## AIM OF THE TASK
Tally the lines in the entries below where the string "ESPERA" occurs. Reply with the total alone.

_ _ _ _ _ _ _

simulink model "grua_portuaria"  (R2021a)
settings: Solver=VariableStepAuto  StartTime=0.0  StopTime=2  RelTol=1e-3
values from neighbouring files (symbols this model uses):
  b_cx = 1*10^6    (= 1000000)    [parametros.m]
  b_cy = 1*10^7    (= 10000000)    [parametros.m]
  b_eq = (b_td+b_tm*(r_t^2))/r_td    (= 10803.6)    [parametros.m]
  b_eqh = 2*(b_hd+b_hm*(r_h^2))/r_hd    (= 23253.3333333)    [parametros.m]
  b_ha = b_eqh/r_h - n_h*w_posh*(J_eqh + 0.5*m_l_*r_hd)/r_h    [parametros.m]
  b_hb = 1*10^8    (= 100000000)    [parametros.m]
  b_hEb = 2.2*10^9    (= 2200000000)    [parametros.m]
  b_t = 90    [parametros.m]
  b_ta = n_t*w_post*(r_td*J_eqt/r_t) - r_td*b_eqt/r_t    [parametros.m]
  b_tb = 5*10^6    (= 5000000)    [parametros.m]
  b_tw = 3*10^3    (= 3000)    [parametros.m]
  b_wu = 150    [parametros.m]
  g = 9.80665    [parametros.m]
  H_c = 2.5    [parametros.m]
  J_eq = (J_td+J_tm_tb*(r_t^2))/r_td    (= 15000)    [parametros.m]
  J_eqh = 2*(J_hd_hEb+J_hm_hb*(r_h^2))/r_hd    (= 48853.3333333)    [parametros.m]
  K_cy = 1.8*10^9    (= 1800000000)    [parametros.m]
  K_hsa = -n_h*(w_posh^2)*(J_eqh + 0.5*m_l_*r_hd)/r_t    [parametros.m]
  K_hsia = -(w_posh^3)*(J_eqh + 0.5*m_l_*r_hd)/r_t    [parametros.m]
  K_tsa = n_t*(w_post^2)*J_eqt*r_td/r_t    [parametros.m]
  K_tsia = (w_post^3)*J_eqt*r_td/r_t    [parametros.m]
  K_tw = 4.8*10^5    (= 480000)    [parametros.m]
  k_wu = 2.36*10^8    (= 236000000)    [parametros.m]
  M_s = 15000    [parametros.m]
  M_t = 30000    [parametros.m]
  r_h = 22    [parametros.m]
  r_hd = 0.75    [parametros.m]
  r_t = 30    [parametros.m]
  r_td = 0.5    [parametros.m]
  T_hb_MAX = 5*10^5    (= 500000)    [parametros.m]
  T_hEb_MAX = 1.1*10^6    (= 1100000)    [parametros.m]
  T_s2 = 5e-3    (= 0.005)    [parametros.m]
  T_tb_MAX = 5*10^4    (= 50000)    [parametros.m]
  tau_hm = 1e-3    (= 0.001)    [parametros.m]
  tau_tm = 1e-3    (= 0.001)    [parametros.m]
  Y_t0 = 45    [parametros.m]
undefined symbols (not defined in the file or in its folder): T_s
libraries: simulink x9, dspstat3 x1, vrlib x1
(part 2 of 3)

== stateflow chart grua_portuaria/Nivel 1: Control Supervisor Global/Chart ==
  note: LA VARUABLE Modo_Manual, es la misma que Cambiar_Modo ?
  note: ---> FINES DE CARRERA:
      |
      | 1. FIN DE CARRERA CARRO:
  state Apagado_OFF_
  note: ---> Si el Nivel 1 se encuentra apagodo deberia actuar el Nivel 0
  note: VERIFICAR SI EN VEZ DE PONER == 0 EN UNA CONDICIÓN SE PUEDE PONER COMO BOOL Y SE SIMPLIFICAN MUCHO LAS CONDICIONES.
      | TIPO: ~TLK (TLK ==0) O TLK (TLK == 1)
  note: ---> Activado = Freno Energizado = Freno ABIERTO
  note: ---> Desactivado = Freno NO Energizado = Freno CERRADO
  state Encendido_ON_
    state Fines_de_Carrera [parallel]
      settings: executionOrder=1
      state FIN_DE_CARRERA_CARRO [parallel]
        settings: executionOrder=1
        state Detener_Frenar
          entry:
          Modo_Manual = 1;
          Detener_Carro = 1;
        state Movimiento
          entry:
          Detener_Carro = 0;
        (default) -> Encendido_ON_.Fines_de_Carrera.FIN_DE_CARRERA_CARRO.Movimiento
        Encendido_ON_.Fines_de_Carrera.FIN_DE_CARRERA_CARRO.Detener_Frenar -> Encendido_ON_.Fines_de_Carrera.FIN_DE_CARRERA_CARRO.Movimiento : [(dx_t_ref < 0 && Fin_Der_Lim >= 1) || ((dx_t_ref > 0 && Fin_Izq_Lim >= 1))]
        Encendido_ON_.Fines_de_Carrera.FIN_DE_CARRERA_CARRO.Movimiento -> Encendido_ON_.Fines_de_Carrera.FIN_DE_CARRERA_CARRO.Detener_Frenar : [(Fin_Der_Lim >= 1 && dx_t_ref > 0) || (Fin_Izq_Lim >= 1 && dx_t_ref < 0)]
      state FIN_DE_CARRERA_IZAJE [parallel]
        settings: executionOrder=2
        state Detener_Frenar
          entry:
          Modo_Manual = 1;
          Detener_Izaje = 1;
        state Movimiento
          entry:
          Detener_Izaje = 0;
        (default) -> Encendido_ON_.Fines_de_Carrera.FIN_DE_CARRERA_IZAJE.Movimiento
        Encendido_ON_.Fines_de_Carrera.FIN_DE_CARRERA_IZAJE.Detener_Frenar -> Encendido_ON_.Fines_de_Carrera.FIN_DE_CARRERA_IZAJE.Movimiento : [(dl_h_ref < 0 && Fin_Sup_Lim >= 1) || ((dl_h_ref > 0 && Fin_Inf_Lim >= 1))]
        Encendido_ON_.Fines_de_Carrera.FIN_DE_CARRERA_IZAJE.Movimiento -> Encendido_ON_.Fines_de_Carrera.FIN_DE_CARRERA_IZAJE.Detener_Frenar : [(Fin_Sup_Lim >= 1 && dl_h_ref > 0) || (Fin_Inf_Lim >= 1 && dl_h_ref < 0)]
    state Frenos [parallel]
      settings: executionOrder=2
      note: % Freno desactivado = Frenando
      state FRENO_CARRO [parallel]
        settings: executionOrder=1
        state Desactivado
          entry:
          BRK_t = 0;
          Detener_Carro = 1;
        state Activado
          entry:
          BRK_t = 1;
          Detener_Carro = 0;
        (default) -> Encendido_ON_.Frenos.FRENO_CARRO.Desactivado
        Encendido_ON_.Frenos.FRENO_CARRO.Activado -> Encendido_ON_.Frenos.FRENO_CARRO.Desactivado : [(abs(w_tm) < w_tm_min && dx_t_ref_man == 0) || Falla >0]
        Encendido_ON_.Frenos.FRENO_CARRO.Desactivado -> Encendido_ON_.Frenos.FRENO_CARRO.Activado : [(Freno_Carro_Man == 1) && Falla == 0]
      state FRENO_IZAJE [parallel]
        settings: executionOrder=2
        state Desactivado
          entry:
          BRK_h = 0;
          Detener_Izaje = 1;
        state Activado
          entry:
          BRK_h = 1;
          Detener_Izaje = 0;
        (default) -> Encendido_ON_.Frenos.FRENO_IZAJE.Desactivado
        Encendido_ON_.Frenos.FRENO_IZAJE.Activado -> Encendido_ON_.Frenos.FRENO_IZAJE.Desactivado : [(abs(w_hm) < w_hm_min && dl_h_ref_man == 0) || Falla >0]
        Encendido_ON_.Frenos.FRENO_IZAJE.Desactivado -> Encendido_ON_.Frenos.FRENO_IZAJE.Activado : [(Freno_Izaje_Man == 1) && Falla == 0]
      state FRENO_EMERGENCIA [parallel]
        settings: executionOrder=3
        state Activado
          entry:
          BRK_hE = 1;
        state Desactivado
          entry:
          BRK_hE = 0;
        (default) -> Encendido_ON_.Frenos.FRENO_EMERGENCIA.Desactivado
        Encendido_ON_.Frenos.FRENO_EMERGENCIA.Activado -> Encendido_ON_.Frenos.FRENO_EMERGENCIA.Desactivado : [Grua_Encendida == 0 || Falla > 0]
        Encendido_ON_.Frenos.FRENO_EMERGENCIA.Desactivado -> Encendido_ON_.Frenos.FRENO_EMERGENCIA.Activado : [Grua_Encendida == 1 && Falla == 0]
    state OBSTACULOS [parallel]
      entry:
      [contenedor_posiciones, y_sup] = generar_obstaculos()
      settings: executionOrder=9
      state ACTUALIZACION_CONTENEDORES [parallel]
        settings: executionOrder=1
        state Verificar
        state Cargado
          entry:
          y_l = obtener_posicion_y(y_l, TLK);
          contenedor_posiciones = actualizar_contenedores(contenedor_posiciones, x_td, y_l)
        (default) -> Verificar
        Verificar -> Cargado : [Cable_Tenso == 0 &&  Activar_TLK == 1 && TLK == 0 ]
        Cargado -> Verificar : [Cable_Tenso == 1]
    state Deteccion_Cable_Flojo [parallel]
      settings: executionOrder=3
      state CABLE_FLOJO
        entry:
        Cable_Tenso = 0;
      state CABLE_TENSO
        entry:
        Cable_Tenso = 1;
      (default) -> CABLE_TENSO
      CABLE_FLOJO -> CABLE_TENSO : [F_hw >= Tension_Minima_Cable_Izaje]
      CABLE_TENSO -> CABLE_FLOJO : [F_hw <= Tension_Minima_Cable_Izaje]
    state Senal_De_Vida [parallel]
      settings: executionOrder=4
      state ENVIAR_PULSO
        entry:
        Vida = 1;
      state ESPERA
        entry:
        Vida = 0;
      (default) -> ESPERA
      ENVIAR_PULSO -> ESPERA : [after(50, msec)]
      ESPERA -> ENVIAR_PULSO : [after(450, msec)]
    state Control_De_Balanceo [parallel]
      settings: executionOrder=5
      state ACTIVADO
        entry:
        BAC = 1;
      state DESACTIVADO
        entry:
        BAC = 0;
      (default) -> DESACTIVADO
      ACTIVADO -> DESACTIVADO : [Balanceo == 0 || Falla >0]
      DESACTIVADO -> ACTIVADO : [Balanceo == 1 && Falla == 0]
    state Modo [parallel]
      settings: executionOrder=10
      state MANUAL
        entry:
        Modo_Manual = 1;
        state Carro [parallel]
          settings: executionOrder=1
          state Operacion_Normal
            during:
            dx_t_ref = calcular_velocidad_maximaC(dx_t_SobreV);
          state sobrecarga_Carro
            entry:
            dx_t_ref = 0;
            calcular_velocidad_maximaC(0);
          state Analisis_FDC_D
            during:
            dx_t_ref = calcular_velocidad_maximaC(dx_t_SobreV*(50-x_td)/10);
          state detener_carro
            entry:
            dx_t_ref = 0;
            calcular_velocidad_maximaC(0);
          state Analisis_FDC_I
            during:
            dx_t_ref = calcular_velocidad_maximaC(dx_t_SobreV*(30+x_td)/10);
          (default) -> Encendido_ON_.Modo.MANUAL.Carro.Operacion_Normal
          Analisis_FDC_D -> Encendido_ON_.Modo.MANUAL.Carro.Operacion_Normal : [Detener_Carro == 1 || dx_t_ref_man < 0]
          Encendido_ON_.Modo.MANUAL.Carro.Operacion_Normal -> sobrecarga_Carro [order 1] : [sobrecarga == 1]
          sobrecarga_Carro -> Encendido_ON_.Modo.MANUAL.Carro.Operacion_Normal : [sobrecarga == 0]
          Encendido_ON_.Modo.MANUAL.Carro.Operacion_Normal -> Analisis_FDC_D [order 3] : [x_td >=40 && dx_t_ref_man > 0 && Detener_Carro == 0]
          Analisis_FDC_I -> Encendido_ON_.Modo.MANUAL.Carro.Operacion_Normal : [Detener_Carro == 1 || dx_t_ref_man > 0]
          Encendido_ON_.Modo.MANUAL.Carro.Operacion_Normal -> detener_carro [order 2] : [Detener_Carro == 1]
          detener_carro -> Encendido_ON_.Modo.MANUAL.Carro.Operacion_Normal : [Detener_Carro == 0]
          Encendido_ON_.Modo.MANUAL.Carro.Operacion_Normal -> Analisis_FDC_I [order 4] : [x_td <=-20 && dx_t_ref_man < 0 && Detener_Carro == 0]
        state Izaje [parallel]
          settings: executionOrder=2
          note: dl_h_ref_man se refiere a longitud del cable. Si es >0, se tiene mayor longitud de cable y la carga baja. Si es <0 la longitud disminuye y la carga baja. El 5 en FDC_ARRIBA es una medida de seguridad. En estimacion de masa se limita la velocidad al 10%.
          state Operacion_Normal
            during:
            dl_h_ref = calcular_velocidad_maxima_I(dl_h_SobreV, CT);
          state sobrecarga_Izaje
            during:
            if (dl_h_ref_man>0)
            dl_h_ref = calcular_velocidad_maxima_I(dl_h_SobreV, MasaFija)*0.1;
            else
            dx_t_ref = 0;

_ _ _ _ _ _ _

## RESULT FOR THIS EXERCISE
4